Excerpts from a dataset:

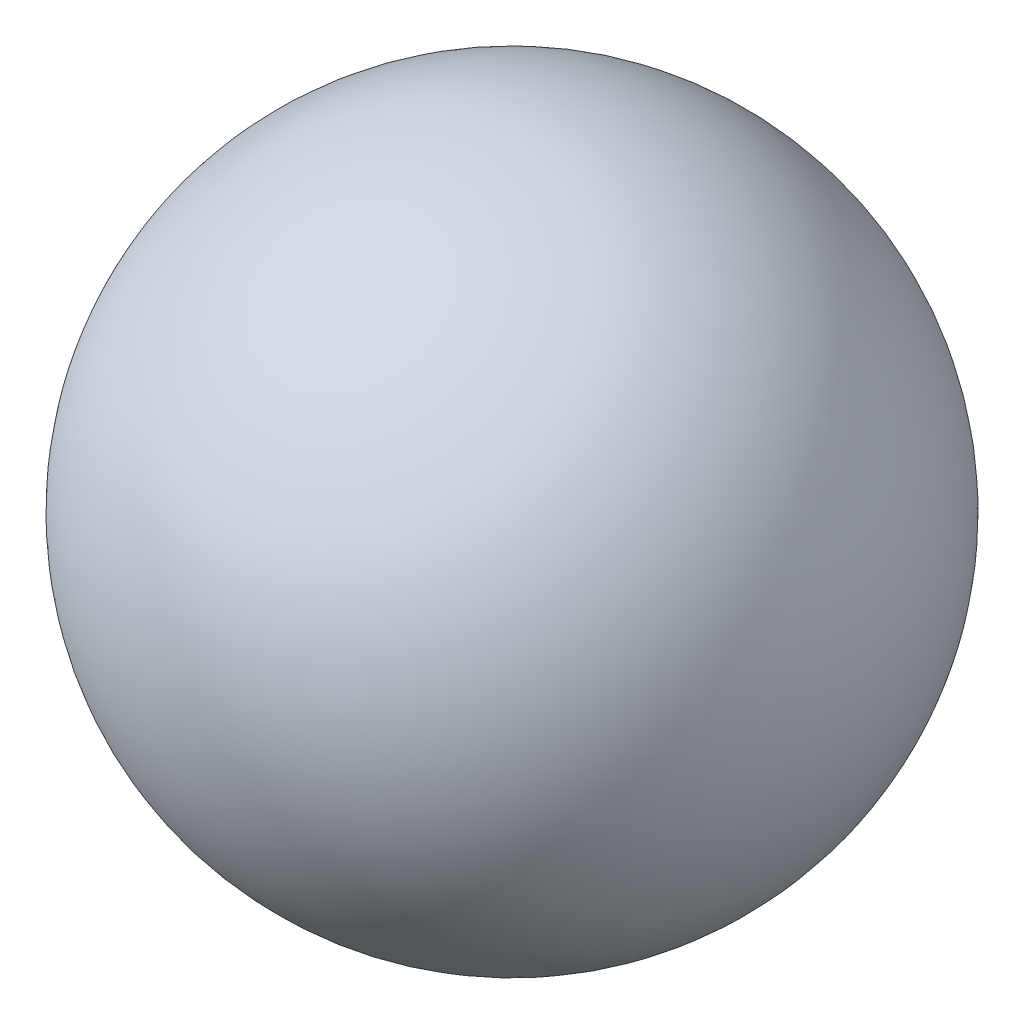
from build123d import *


with BuildPart() as part:
    # Esquisse1 → Base-R_volution (revolve)
    with BuildSketch(Plane(origin=(0, 0, 0), x_dir=(1, 0, 0), z_dir=(0, 1, 0))):
        with BuildLine():
            Line((0.95, 2.05), (3.65, 2.05))
            ThreePointArc((3.65, 2.05), (2.3, 3.4), (0.95, 2.05))
        make_face()
    revolve(axis=Axis((-0.2, 0, -2.05), (1, 0, 0)))


solid = part.part

## TRY IT:
Write out each line exactly, beginning at the one with "make_face()" and ending at the final line of the records above, with nothing added.

## RESPONSE BOX:
        make_face()
    revolve(axis=Axis((-0.2, 0, -2.05), (1, 0, 0)))


solid = part.part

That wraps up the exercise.